Question

can anyone can help me integrate this

Answer 1

\[e ^{\int\limits\limits_{}^{}\frac{ 2t^3 }{ t^2+1}dt}\]

Answer 2

are you trying to integrate from e ??
if yes then e to what ?

Answer 3

integrate the first then plug in the e \[\int\limits_{}^{}2t^3/t^2+1 (dt)\]

Answer 4

divide the numerator by denominator

Answer 5

then it is vey simple
check it

Answer 6

@Caerus

Answer 7

check the attachment /

Answer 8

@Caerus
when transcribing type-set expressions containing fractions to a single line, numerators and denominators must be enclosed in parentheses, as follows:
\(\int\limits_{}^{}2t^3/(t^2+1) (dt)\)
Otherwise a different expression will result.
The same is needed when using a calculator.
5/2+3 is not the same as 5/(2+3).

Answer 9

opps forgot about that
when the numerator exponents > denominator
use long division method

Answer 10

\(\color{black}{\displaystyle \int\limits\frac{ 2t^3 }{ t^2+1}{\rm d}t=\int\limits\limits_{}^{}2t\left(\frac{ t^2 }{ t^2+1}\right){\rm d}t}\)
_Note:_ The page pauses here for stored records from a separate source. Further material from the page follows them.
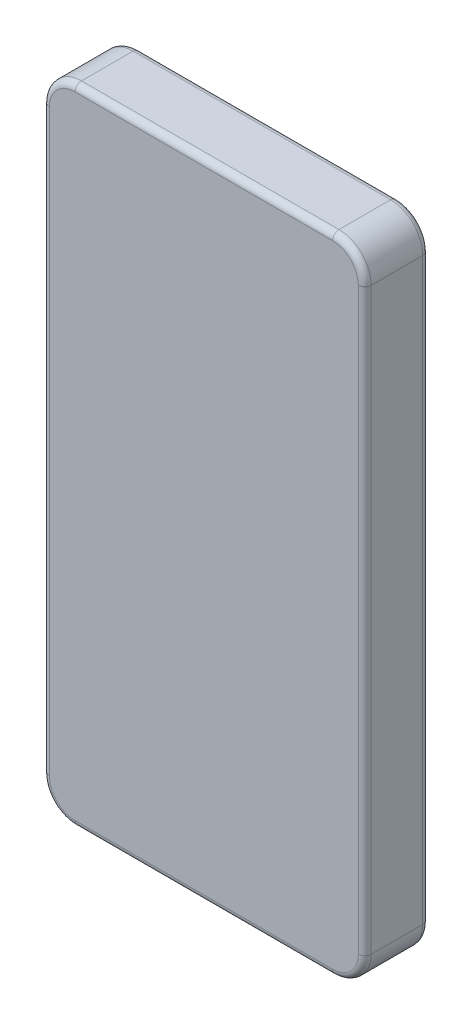
ISO-10303-21;
HEADER;
FILE_DESCRIPTION(('STEP AP214'),'2;1');
FILE_NAME('part.step','',(''),(''),'','','');
FILE_SCHEMA(('AUTOMOTIVE_DESIGN { 1 0 10303 214 1 1 1 1 }'));
ENDSEC;
DATA;
#1=APPLICATION_CONTEXT('core data for automotive mechanical design processes');
#2=APPLICATION_PROTOCOL_DEFINITION('international standard','automotive_design',2000,#1);
#3=PRODUCT_CONTEXT('',#1,'mechanical');
#4=PRODUCT('Part','Part','',(#3));
#5=PRODUCT_RELATED_PRODUCT_CATEGORY('part','',(#4));
#6=PRODUCT_DEFINITION_FORMATION('','',#4);
#7=PRODUCT_DEFINITION_CONTEXT('part definition',#1,'design');
#8=PRODUCT_DEFINITION('design','',#6,#7);
#9=PRODUCT_DEFINITION_SHAPE('','',#8);
#10=(LENGTH_UNIT() NAMED_UNIT(*) SI_UNIT(.MILLI.,.METRE.));
#11=(NAMED_UNIT(*) PLANE_ANGLE_UNIT() SI_UNIT($,.RADIAN.));
#12=(NAMED_UNIT(*) SI_UNIT($,.STERADIAN.) SOLID_ANGLE_UNIT());
#13=UNCERTAINTY_MEASURE_WITH_UNIT(LENGTH_MEASURE(1.E-05),#10,'distance_accuracy_value','');
#14=(GEOMETRIC_REPRESENTATION_CONTEXT(3) GLOBAL_UNCERTAINTY_ASSIGNED_CONTEXT((#13)) GLOBAL_UNIT_ASSIGNED_CONTEXT((#10,
#11,#12)) REPRESENTATION_CONTEXT('',''));
#15=CARTESIAN_POINT('',(0.,0.,0.));
#16=DIRECTION('',(0.,0.,1.));
#17=DIRECTION('',(1.,0.,0.));
#18=AXIS2_PLACEMENT_3D('',#15,#16,#17);
#19=CARTESIAN_POINT('',(-0.25,0.5,0.05));
#20=DIRECTION('',(1.,0.,0.));
#21=DIRECTION('',(0.,1.,0.));
#22=AXIS2_PLACEMENT_3D('',#19,#20,#21);
#23=PLANE('',#22);
#24=DIRECTION('',(0.,0.,-1.));
#25=VECTOR('',#24,1.);
#26=CARTESIAN_POINT('',(-0.25,0.45,0.05));
#27=LINE('',#26,#25);
#28=CARTESIAN_POINT('',(-0.25,0.45,0.04));
#29=VERTEX_POINT('',#28);
#30=CARTESIAN_POINT('',(-0.25,0.45,-0.04));
#31=VERTEX_POINT('',#30);
#32=EDGE_CURVE('E337',#29,#31,#27,.T.);
#33=ORIENTED_EDGE('',*,*,#32,.T.);
#34=DIRECTION('',(0.,-1.,0.));
#35=VECTOR('',#34,1.);
#36=CARTESIAN_POINT('',(-0.25,0.5,-0.04));
#37=LINE('',#36,#35);
#38=CARTESIAN_POINT('',(-0.25,-0.45,-0.04));
#39=VERTEX_POINT('',#38);
#40=EDGE_CURVE('E224',#31,#39,#37,.T.);
#41=ORIENTED_EDGE('',*,*,#40,.T.);
#42=DIRECTION('',(0.,0.,-1.));
#43=VECTOR('',#42,1.);
#44=CARTESIAN_POINT('',(-0.25,-0.45,0.05));
#45=LINE('',#44,#43);
#46=CARTESIAN_POINT('',(-0.25,-0.45,0.04));
#47=VERTEX_POINT('',#46);
#48=EDGE_CURVE('E343',#39,#47,#45,.F.);
#49=ORIENTED_EDGE('',*,*,#48,.T.);
#50=DIRECTION('',(0.,-1.,0.));
#51=VECTOR('',#50,1.);
#52=CARTESIAN_POINT('',(-0.25,0.45,0.04));
#53=LINE('',#52,#51);
#54=EDGE_CURVE('E221',#47,#29,#53,.F.);
#55=ORIENTED_EDGE('',*,*,#54,.T.);
#56=EDGE_LOOP('',(#33,#41,#49,#55));
#57=FACE_BOUND('',#56,.T.);
#58=ADVANCED_FACE('F42',(#57),#23,.F.);
#59=CARTESIAN_POINT('',(-0.25,-0.5,0.05));
#60=DIRECTION('',(0.,1.,0.));
#61=DIRECTION('',(0.,0.,1.));
#62=AXIS2_PLACEMENT_3D('',#59,#60,#61);
#63=PLANE('',#62);
#64=DIRECTION('',(0.,0.,-1.));
#65=VECTOR('',#64,1.);
#66=CARTESIAN_POINT('',(-0.2,-0.5,0.05));
#67=LINE('',#66,#65);
#68=CARTESIAN_POINT('',(-0.2,-0.5,0.04));
#69=VERTEX_POINT('',#68);
#70=CARTESIAN_POINT('',(-0.2,-0.5,-0.04));
#71=VERTEX_POINT('',#70);
#72=EDGE_CURVE('E334',#69,#71,#67,.T.);
#73=ORIENTED_EDGE('',*,*,#72,.T.);
#74=DIRECTION('',(1.,0.,0.));
#75=VECTOR('',#74,1.);
#76=CARTESIAN_POINT('',(-0.25,-0.5,-0.04));
#77=LINE('',#76,#75);
#78=CARTESIAN_POINT('',(0.2,-0.5,-0.04));
#79=VERTEX_POINT('',#78);
#80=EDGE_CURVE('E236',#71,#79,#77,.T.);
#81=ORIENTED_EDGE('',*,*,#80,.T.);
#82=DIRECTION('',(0.,0.,-1.));
#83=VECTOR('',#82,1.);
#84=CARTESIAN_POINT('',(0.2,-0.5,0.05));
#85=LINE('',#84,#83);
#86=CARTESIAN_POINT('',(0.2,-0.5,0.04));
#87=VERTEX_POINT('',#86);
#88=EDGE_CURVE('E282',#79,#87,#85,.F.);
#89=ORIENTED_EDGE('',*,*,#88,.T.);
#90=DIRECTION('',(1.,0.,0.));
#91=VECTOR('',#90,1.);
#92=CARTESIAN_POINT('',(-0.2,-0.5,0.04));
#93=LINE('',#92,#91);
#94=EDGE_CURVE('E233',#87,#69,#93,.F.);
#95=ORIENTED_EDGE('',*,*,#94,.T.);
#96=EDGE_LOOP('',(#73,#81,#89,#95));
#97=FACE_BOUND('',#96,.T.);
#98=ADVANCED_FACE('F331',(#97),#63,.F.);
#99=CARTESIAN_POINT('',(0.25,0.5,0.05));
#100=DIRECTION('',(-1.,0.,0.));
#101=DIRECTION('',(0.,-1.,0.));
#102=AXIS2_PLACEMENT_3D('',#99,#100,#101);
#103=PLANE('',#102);
#104=DIRECTION('',(0.,0.,-1.));
#105=VECTOR('',#104,1.);
#106=CARTESIAN_POINT('',(0.25,-0.45,0.05));
#107=LINE('',#106,#105);
#108=CARTESIAN_POINT('',(0.25,-0.45,0.04));
#109=VERTEX_POINT('',#108);
#110=CARTESIAN_POINT('',(0.25,-0.45,-0.04));
#111=VERTEX_POINT('',#110);
#112=EDGE_CURVE('E328',#109,#111,#107,.T.);
#113=ORIENTED_EDGE('',*,*,#112,.T.);
#114=DIRECTION('',(0.,1.,0.));
#115=VECTOR('',#114,1.);
#116=CARTESIAN_POINT('',(0.25,0.5,-0.04));
#117=LINE('',#116,#115);
#118=CARTESIAN_POINT('',(0.25,0.45,-0.04));
#119=VERTEX_POINT('',#118);
#120=EDGE_CURVE('E199',#111,#119,#117,.T.);
#121=ORIENTED_EDGE('',*,*,#120,.T.);
#122=DIRECTION('',(0.,0.,-1.));
#123=VECTOR('',#122,1.);
#124=CARTESIAN_POINT('',(0.25,0.45,0.05));
#125=LINE('',#124,#123);
#126=CARTESIAN_POINT('',(0.25,0.45,0.04));
#127=VERTEX_POINT('',#126);
#128=EDGE_CURVE('E347',#119,#127,#125,.F.);
#129=ORIENTED_EDGE('',*,*,#128,.T.);
#130=DIRECTION('',(0.,1.,0.));
#131=VECTOR('',#130,1.);
#132=CARTESIAN_POINT('',(0.25,-0.45,0.04));
#133=LINE('',#132,#131);
#134=EDGE_CURVE('E196',#127,#109,#133,.F.);
#135=ORIENTED_EDGE('',*,*,#134,.T.);
#136=EDGE_LOOP('',(#113,#121,#129,#135));
#137=FACE_BOUND('',#136,.T.);
#138=ADVANCED_FACE('F383',(#137),#103,.F.);
#139=CARTESIAN_POINT('',(-0.25,0.5,0.05));
#140=DIRECTION('',(0.,-1.,0.));
#141=DIRECTION('',(0.,0.,-1.));
#142=AXIS2_PLACEMENT_3D('',#139,#140,#141);
#143=PLANE('',#142);
#144=DIRECTION('',(0.,0.,-1.));
#145=VECTOR('',#144,1.);
#146=CARTESIAN_POINT('',(0.2,0.5,0.05));
#147=LINE('',#146,#145);
#148=CARTESIAN_POINT('',(0.2,0.5,0.04));
#149=VERTEX_POINT('',#148);
#150=CARTESIAN_POINT('',(0.2,0.5,-0.04));
#151=VERTEX_POINT('',#150);
#152=EDGE_CURVE('E353',#149,#151,#147,.T.);
#153=ORIENTED_EDGE('',*,*,#152,.T.);
#154=DIRECTION('',(-1.,0.,0.));
#155=VECTOR('',#154,1.);
#156=CARTESIAN_POINT('',(-0.25,0.5,-0.04));
#157=LINE('',#156,#155);
#158=CARTESIAN_POINT('',(-0.2,0.5,-0.04));
#159=VERTEX_POINT('',#158);
#160=EDGE_CURVE('E211',#151,#159,#157,.T.);
#161=ORIENTED_EDGE('',*,*,#160,.T.);
#162=DIRECTION('',(0.,0.,-1.));
#163=VECTOR('',#162,1.);
#164=CARTESIAN_POINT('',(-0.2,0.5,0.05));
#165=LINE('',#164,#163);
#166=CARTESIAN_POINT('',(-0.2,0.5,0.04));
#167=VERTEX_POINT('',#166);
#168=EDGE_CURVE('E178',#159,#167,#165,.F.);
#169=ORIENTED_EDGE('',*,*,#168,.T.);
#170=DIRECTION('',(-1.,0.,0.));
#171=VECTOR('',#170,1.);
#172=CARTESIAN_POINT('',(0.2,0.5,0.04));
#173=LINE('',#172,#171);
#174=EDGE_CURVE('E208',#167,#149,#173,.F.);
#175=ORIENTED_EDGE('',*,*,#174,.T.);
#176=EDGE_LOOP('',(#153,#161,#169,#175));
#177=FACE_BOUND('',#176,.T.);
#178=ADVANCED_FACE('F426',(#177),#143,.F.);
#179=CARTESIAN_POINT('',(0.,0.,0.05));
#180=DIRECTION('',(0.,0.,1.));
#181=DIRECTION('',(1.,0.,0.));
#182=AXIS2_PLACEMENT_3D('',#179,#180,#181);
#183=PLANE('',#182);
#184=DIRECTION('',(-1.,0.,0.));
#185=VECTOR('',#184,1.);
#186=CARTESIAN_POINT('',(-0.2,0.49,0.05));
#187=LINE('',#186,#185);
#188=CARTESIAN_POINT('',(0.2,0.49,0.05));
#189=VERTEX_POINT('',#188);
#190=CARTESIAN_POINT('',(-0.2,0.49,0.05));
#191=VERTEX_POINT('',#190);
#192=EDGE_CURVE('E52',#189,#191,#187,.T.);
#193=ORIENTED_EDGE('',*,*,#192,.T.);
#194=CARTESIAN_POINT('',(-0.2,0.45,0.05));
#195=DIRECTION('',(0.,0.,1.));
#196=DIRECTION('',(1.,0.,0.));
#197=AXIS2_PLACEMENT_3D('',#194,#195,#196);
#198=CIRCLE('',#197,0.04);
#199=CARTESIAN_POINT('',(-0.24,0.45,0.05));
#200=VERTEX_POINT('',#199);
#201=EDGE_CURVE('E11',#191,#200,#198,.T.);
#202=ORIENTED_EDGE('',*,*,#201,.T.);
#203=DIRECTION('',(0.,-1.,0.));
#204=VECTOR('',#203,1.);
#205=CARTESIAN_POINT('',(-0.24,-0.45,0.05));
#206=LINE('',#205,#204);
#207=CARTESIAN_POINT('',(-0.24,-0.45,0.05));
#208=VERTEX_POINT('',#207);
#209=EDGE_CURVE('E239',#200,#208,#206,.T.);
#210=ORIENTED_EDGE('',*,*,#209,.T.);
#211=CARTESIAN_POINT('',(-0.2,-0.45,0.05));
#212=DIRECTION('',(0.,0.,1.));
#213=DIRECTION('',(1.,0.,0.));
#214=AXIS2_PLACEMENT_3D('',#211,#212,#213);
#215=CIRCLE('',#214,0.04);
#216=CARTESIAN_POINT('',(-0.2,-0.49,0.05));
#217=VERTEX_POINT('',#216);
#218=EDGE_CURVE('E242',#208,#217,#215,.T.);
#219=ORIENTED_EDGE('',*,*,#218,.T.);
#220=DIRECTION('',(1.,0.,0.));
#221=VECTOR('',#220,1.);
#222=CARTESIAN_POINT('',(0.2,-0.49,0.05));
#223=LINE('',#222,#221);
#224=CARTESIAN_POINT('',(0.2,-0.49,0.05));
#225=VERTEX_POINT('',#224);
#226=EDGE_CURVE('E245',#217,#225,#223,.T.);
#227=ORIENTED_EDGE('',*,*,#226,.T.);
#228=CARTESIAN_POINT('',(0.2,-0.45,0.05));
#229=DIRECTION('',(0.,0.,1.));
#230=DIRECTION('',(1.,0.,0.));
#231=AXIS2_PLACEMENT_3D('',#228,#229,#230);
#232=CIRCLE('',#231,0.04);
#233=CARTESIAN_POINT('',(0.24,-0.45,0.05));
#234=VERTEX_POINT('',#233);
#235=EDGE_CURVE('E248',#225,#234,#232,.T.);
#236=ORIENTED_EDGE('',*,*,#235,.T.);
#237=DIRECTION('',(0.,1.,0.));
#238=VECTOR('',#237,1.);
#239=CARTESIAN_POINT('',(0.24,0.45,0.05));
#240=LINE('',#239,#238);
#241=CARTESIAN_POINT('',(0.24,0.45,0.05));
#242=VERTEX_POINT('',#241);
#243=EDGE_CURVE('E251',#234,#242,#240,.T.);
#244=ORIENTED_EDGE('',*,*,#243,.T.);
#245=CARTESIAN_POINT('',(0.2,0.45,0.05));
#246=DIRECTION('',(0.,0.,1.));
#247=DIRECTION('',(1.,0.,0.));
#248=AXIS2_PLACEMENT_3D('',#245,#246,#247);
#249=CIRCLE('',#248,0.04);
#250=EDGE_CURVE('E63',#242,#189,#249,.T.);
#251=ORIENTED_EDGE('',*,*,#250,.T.);
#252=EDGE_LOOP('',(#193,#202,#210,#219,#227,#236,#244,#251));
#253=FACE_BOUND('',#252,.T.);
#254=ADVANCED_FACE('F399',(#253),#183,.T.);
#255=CARTESIAN_POINT('',(0.,0.,-0.05));
#256=DIRECTION('',(0.,0.,1.));
#257=DIRECTION('',(1.,0.,0.));
#258=AXIS2_PLACEMENT_3D('',#255,#256,#257);
#259=PLANE('',#258);
#260=DIRECTION('',(0.,1.,0.));
#261=VECTOR('',#260,1.);
#262=CARTESIAN_POINT('',(0.24,0.,-0.05));
#263=LINE('',#262,#261);
#264=CARTESIAN_POINT('',(0.24,0.45,-0.05));
#265=VERTEX_POINT('',#264);
#266=CARTESIAN_POINT('',(0.24,-0.45,-0.05));
#267=VERTEX_POINT('',#266);
#268=EDGE_CURVE('E182',#265,#267,#263,.F.);
#269=ORIENTED_EDGE('',*,*,#268,.T.);
#270=CARTESIAN_POINT('',(0.2,-0.45,-0.05));
#271=DIRECTION('',(0.,0.,1.));
#272=DIRECTION('',(1.,0.,0.));
#273=AXIS2_PLACEMENT_3D('',#270,#271,#272);
#274=CIRCLE('',#273,0.04);
#275=CARTESIAN_POINT('',(0.2,-0.49,-0.05));
#276=VERTEX_POINT('',#275);
#277=EDGE_CURVE('E161',#267,#276,#274,.F.);
#278=ORIENTED_EDGE('',*,*,#277,.T.);
#279=DIRECTION('',(1.,0.,0.));
#280=VECTOR('',#279,1.);
#281=CARTESIAN_POINT('',(0.,-0.49,-0.05));
#282=LINE('',#281,#280);
#283=CARTESIAN_POINT('',(-0.2,-0.49,-0.05));
#284=VERTEX_POINT('',#283);
#285=EDGE_CURVE('E170',#276,#284,#282,.F.);
#286=ORIENTED_EDGE('',*,*,#285,.T.);
#287=CARTESIAN_POINT('',(-0.2,-0.45,-0.05));
#288=DIRECTION('',(0.,0.,1.));
#289=DIRECTION('',(1.,0.,0.));
#290=AXIS2_PLACEMENT_3D('',#287,#288,#289);
#291=CIRCLE('',#290,0.04);
#292=CARTESIAN_POINT('',(-0.24,-0.45,-0.05));
#293=VERTEX_POINT('',#292);
#294=EDGE_CURVE('E177',#284,#293,#291,.F.);
#295=ORIENTED_EDGE('',*,*,#294,.T.);
#296=DIRECTION('',(0.,-1.,0.));
#297=VECTOR('',#296,1.);
#298=CARTESIAN_POINT('',(-0.24,0.,-0.05));
#299=LINE('',#298,#297);
#300=CARTESIAN_POINT('',(-0.24,0.45,-0.05));
#301=VERTEX_POINT('',#300);
#302=EDGE_CURVE('E362',#293,#301,#299,.F.);
#303=ORIENTED_EDGE('',*,*,#302,.T.);
#304=CARTESIAN_POINT('',(-0.2,0.45,-0.05));
#305=DIRECTION('',(0.,0.,1.));
#306=DIRECTION('',(1.,0.,0.));
#307=AXIS2_PLACEMENT_3D('',#304,#305,#306);
#308=CIRCLE('',#307,0.04);
#309=CARTESIAN_POINT('',(-0.2,0.49,-0.05));
#310=VERTEX_POINT('',#309);
#311=EDGE_CURVE('E365',#301,#310,#308,.F.);
#312=ORIENTED_EDGE('',*,*,#311,.T.);
#313=DIRECTION('',(-1.,0.,0.));
#314=VECTOR('',#313,1.);
#315=CARTESIAN_POINT('',(0.,0.49,-0.05));
#316=LINE('',#315,#314);
#317=CARTESIAN_POINT('',(0.2,0.49,-0.05));
#318=VERTEX_POINT('',#317);
#319=EDGE_CURVE('E368',#310,#318,#316,.F.);
#320=ORIENTED_EDGE('',*,*,#319,.T.);
#321=CARTESIAN_POINT('',(0.2,0.45,-0.05));
#322=DIRECTION('',(0.,0.,1.));
#323=DIRECTION('',(1.,0.,0.));
#324=AXIS2_PLACEMENT_3D('',#321,#322,#323);
#325=CIRCLE('',#324,0.04);
#326=EDGE_CURVE('E190',#318,#265,#325,.F.);
#327=ORIENTED_EDGE('',*,*,#326,.T.);
#328=EDGE_LOOP('',(#269,#278,#286,#295,#303,#312,#320,#327));
#329=FACE_BOUND('',#328,.T.);
#330=ADVANCED_FACE('F180',(#329),#259,.F.);
#331=CARTESIAN_POINT('',(-0.2,-0.45,0.05));
#332=DIRECTION('',(0.,0.,-1.));
#333=DIRECTION('',(-1.,0.,0.));
#334=AXIS2_PLACEMENT_3D('',#331,#332,#333);
#335=CYLINDRICAL_SURFACE('',#334,0.05);
#336=ORIENTED_EDGE('',*,*,#48,.F.);
#337=CARTESIAN_POINT('',(-0.2,-0.45,-0.04));
#338=DIRECTION('',(0.,0.,1.));
#339=DIRECTION('',(1.,0.,0.));
#340=AXIS2_PLACEMENT_3D('',#337,#338,#339);
#341=CIRCLE('',#340,0.05);
#342=EDGE_CURVE('E230',#39,#71,#341,.T.);
#343=ORIENTED_EDGE('',*,*,#342,.T.);
#344=ORIENTED_EDGE('',*,*,#72,.F.);
#345=CARTESIAN_POINT('',(-0.2,-0.45,0.04));
#346=DIRECTION('',(0.,0.,1.));
#347=DIRECTION('',(1.,0.,0.));
#348=AXIS2_PLACEMENT_3D('',#345,#346,#347);
#349=CIRCLE('',#348,0.05);
#350=EDGE_CURVE('E227',#69,#47,#349,.F.);
#351=ORIENTED_EDGE('',*,*,#350,.T.);
#352=EDGE_LOOP('',(#336,#343,#344,#351));
#353=FACE_BOUND('',#352,.T.);
#354=ADVANCED_FACE('F443',(#353),#335,.T.);
#355=CARTESIAN_POINT('',(0.2,-0.45,0.05));
#356=DIRECTION('',(0.,0.,-1.));
#357=DIRECTION('',(-1.,0.,0.));
#358=AXIS2_PLACEMENT_3D('',#355,#356,#357);
#359=CYLINDRICAL_SURFACE('',#358,0.05);
#360=ORIENTED_EDGE('',*,*,#88,.F.);
#361=CARTESIAN_POINT('',(0.2,-0.45,-0.04));
#362=DIRECTION('',(0.,0.,1.));
#363=DIRECTION('',(1.,0.,0.));
#364=AXIS2_PLACEMENT_3D('',#361,#362,#363);
#365=CIRCLE('',#364,0.05);
#366=EDGE_CURVE('E163',#79,#111,#365,.T.);
#367=ORIENTED_EDGE('',*,*,#366,.T.);
#368=ORIENTED_EDGE('',*,*,#112,.F.);
#369=CARTESIAN_POINT('',(0.2,-0.45,0.04));
#370=DIRECTION('',(0.,0.,1.));
#371=DIRECTION('',(1.,0.,0.));
#372=AXIS2_PLACEMENT_3D('',#369,#370,#371);
#373=CIRCLE('',#372,0.05);
#374=EDGE_CURVE('E185',#109,#87,#373,.F.);
#375=ORIENTED_EDGE('',*,*,#374,.T.);
#376=EDGE_LOOP('',(#360,#367,#368,#375));
#377=FACE_BOUND('',#376,.T.);
#378=ADVANCED_FACE('F326',(#377),#359,.T.);
#379=CARTESIAN_POINT('',(-0.2,0.45,0.05));
#380=DIRECTION('',(0.,0.,-1.));
#381=DIRECTION('',(-1.,0.,0.));
#382=AXIS2_PLACEMENT_3D('',#379,#380,#381);
#383=CYLINDRICAL_SURFACE('',#382,0.05);
#384=ORIENTED_EDGE('',*,*,#168,.F.);
#385=CARTESIAN_POINT('',(-0.2,0.45,-0.04));
#386=DIRECTION('',(0.,0.,1.));
#387=DIRECTION('',(1.,0.,0.));
#388=AXIS2_PLACEMENT_3D('',#385,#386,#387);
#389=CIRCLE('',#388,0.05);
#390=EDGE_CURVE('E218',#159,#31,#389,.T.);
#391=ORIENTED_EDGE('',*,*,#390,.T.);
#392=ORIENTED_EDGE('',*,*,#32,.F.);
#393=CARTESIAN_POINT('',(-0.2,0.45,0.04));
#394=DIRECTION('',(0.,0.,1.));
#395=DIRECTION('',(1.,0.,0.));
#396=AXIS2_PLACEMENT_3D('',#393,#394,#395);
#397=CIRCLE('',#396,0.05);
#398=EDGE_CURVE('E214',#29,#167,#397,.F.);
#399=ORIENTED_EDGE('',*,*,#398,.T.);
#400=EDGE_LOOP('',(#384,#391,#392,#399));
#401=FACE_BOUND('',#400,.T.);
#402=ADVANCED_FACE('F415',(#401),#383,.T.);
#403=CARTESIAN_POINT('',(0.2,0.45,0.05));
#404=DIRECTION('',(0.,0.,-1.));
#405=DIRECTION('',(-1.,0.,0.));
#406=AXIS2_PLACEMENT_3D('',#403,#404,#405);
#407=CYLINDRICAL_SURFACE('',#406,0.05);
#408=ORIENTED_EDGE('',*,*,#128,.F.);
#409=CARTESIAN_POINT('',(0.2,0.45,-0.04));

\(\color{black}{\displaystyle {\rm u} =t^2+1}\)
\(\color{black}{\displaystyle {\rm u-1} =t^2}\)
\(\color{black}{\displaystyle {\rm d u} =2t{\tiny~}{\rm d}t}\)

\(\color{black}{\displaystyle =\int\limits\frac{ {\rm u}-1 }{\rm u}\rm du.}\)

Answer 11

Can you go from there? :)